Najnowsze badania wykazują, że jedna czwarta światowej populacji ma utajoną gruźlicę

Kategorie: 

Źródło: pixabay.com

W krajach bogatych gruźlica jest traktowana, jako widmo przeszłości, ale globalnie gruźlica jest obecnie numerem jeden na liście zabójczych chorób zakaźnych. W 2015 roku z powodu gruźlicy zmarło 1,8 milionów ludzi.

 

Zakażenie pałeczkami powodującymi gruźlicę zazwyczaj nie prowadzi do choroby. Zwykle tylko u 10% osób zakażonych dochodzi do rozwoju choroby, która może nastąpić wiele lat po pierwotnym zakażeniu. Utajone zakażenie jest znacznie bardziej powszechne od choroby i stwierdzono, że posiada je aż jedna czwarta światowej populacji.

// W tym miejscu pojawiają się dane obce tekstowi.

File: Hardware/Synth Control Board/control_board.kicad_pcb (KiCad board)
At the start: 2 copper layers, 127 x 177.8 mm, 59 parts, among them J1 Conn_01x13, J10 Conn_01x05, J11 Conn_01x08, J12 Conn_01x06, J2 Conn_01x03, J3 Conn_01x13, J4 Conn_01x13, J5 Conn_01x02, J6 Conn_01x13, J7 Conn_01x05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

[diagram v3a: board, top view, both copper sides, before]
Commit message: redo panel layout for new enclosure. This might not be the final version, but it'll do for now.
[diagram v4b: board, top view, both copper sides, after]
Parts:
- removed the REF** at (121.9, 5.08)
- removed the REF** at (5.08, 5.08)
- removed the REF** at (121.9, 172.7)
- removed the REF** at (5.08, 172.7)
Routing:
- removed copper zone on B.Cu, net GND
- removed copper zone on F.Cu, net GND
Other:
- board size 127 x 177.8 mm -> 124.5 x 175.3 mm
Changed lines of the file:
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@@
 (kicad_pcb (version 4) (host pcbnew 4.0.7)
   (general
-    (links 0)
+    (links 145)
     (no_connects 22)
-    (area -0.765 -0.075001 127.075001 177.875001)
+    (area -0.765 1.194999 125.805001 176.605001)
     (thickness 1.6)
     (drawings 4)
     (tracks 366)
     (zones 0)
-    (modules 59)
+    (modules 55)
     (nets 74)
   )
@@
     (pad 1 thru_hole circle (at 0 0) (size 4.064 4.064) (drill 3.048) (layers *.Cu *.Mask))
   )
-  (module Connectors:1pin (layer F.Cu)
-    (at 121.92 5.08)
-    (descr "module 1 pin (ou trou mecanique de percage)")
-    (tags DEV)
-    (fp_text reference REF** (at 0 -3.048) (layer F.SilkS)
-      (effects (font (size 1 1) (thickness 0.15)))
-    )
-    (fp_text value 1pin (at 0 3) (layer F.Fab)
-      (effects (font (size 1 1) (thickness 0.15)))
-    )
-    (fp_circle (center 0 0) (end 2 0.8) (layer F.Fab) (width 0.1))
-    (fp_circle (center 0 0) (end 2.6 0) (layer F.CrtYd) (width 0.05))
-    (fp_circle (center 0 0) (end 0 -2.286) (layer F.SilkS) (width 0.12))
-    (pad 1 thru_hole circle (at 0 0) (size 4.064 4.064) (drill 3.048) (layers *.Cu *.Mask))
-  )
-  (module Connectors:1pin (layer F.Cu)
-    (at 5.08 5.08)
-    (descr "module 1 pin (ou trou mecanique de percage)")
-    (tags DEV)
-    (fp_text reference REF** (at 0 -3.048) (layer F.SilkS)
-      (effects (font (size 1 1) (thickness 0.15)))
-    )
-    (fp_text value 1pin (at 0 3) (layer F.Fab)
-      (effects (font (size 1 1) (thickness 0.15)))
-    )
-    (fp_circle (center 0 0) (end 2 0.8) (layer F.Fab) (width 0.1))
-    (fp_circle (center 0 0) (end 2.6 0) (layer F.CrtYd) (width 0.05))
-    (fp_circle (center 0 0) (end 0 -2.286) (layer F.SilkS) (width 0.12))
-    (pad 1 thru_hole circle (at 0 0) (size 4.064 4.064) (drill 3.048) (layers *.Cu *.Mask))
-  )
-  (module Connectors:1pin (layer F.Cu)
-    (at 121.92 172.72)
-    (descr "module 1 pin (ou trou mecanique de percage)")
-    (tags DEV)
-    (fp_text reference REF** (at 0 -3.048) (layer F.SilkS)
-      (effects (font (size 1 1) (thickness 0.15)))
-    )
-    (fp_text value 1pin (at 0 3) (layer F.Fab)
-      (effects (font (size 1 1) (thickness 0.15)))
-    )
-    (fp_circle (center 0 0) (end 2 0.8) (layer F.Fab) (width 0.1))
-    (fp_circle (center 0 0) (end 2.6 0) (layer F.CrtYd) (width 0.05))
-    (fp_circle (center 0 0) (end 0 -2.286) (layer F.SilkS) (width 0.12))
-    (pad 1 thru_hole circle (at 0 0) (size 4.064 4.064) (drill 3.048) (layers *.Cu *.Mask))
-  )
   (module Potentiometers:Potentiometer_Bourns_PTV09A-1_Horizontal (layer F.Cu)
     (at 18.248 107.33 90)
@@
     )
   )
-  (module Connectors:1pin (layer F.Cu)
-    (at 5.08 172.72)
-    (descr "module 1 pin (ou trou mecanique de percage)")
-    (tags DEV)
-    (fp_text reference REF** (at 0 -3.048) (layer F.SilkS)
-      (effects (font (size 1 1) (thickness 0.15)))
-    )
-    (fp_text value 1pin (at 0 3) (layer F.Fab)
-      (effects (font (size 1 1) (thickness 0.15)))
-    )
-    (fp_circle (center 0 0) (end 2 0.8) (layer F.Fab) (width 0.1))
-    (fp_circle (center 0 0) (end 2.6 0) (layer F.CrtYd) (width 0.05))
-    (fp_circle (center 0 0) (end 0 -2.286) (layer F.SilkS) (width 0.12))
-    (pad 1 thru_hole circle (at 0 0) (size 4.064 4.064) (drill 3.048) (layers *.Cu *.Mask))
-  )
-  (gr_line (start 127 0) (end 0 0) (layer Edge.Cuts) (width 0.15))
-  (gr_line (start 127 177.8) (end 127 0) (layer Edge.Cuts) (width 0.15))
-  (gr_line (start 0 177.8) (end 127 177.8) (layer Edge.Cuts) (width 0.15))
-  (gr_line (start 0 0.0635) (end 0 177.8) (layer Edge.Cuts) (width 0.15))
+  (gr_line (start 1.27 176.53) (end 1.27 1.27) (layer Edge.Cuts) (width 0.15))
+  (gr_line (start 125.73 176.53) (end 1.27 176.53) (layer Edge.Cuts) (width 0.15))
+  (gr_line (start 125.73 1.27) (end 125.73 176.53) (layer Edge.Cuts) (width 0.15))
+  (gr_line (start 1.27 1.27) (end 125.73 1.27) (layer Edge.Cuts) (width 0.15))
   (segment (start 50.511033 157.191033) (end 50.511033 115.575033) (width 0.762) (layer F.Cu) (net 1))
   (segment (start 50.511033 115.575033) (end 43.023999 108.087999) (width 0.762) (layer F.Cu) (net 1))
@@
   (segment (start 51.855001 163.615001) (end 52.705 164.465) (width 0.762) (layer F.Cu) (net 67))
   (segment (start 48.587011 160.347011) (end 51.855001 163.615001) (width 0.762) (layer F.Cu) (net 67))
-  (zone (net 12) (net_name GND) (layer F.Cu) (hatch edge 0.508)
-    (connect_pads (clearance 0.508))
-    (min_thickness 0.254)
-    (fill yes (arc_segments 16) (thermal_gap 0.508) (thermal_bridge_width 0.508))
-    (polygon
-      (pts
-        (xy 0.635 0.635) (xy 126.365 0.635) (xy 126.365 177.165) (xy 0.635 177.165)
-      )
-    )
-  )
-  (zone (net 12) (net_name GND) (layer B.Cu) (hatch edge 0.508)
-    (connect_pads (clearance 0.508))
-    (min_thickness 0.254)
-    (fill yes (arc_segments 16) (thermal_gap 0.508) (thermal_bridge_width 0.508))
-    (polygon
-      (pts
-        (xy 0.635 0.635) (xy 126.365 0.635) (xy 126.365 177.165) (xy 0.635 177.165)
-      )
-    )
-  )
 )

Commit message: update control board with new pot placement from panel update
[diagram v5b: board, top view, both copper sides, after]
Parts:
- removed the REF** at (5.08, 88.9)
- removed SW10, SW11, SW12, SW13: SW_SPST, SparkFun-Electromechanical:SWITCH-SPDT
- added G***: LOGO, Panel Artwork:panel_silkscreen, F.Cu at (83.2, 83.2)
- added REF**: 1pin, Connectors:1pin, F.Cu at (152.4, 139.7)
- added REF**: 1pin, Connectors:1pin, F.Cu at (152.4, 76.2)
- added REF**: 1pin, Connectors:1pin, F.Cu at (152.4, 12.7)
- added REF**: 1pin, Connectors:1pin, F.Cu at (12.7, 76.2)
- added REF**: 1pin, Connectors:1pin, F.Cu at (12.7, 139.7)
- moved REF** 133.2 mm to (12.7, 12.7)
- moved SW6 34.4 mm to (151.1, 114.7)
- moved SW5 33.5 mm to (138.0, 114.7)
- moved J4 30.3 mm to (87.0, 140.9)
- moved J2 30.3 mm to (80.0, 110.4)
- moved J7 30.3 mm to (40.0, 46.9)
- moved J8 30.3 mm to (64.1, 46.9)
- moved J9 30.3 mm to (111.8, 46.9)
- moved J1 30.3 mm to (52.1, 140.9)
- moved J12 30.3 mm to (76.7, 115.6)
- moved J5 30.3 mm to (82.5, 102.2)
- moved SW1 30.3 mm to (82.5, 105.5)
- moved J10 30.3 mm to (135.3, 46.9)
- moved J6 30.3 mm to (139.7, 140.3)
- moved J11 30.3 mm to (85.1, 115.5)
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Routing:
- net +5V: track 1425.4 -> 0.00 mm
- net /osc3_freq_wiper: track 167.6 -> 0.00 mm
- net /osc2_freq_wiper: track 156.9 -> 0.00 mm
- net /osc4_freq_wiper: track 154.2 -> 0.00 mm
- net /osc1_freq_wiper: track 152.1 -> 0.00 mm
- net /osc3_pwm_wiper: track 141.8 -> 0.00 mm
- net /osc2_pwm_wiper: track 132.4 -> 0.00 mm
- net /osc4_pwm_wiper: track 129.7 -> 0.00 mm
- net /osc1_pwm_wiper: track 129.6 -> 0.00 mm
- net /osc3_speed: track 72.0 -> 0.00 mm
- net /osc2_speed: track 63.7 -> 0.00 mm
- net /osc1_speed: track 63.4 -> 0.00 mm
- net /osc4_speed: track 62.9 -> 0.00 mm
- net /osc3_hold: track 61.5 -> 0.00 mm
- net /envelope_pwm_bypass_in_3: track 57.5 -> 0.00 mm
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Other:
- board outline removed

Większość potencjalnych nosicieli znajduje się w Azji i Afryce, gdzie choroba dotyka zwykle starsze grupy wiekowe, ponieważ występowanie infekcji wzrasta z wiekiem. Mimo to szacuje się, że prawie 100 milionów dzieci może posiadać już utajone zakażenie. Jest to martwiące nie tylko ze względu na los zakażonych ludzi, ale także w perspektywie ciągłych migracji ludności po całym świecie.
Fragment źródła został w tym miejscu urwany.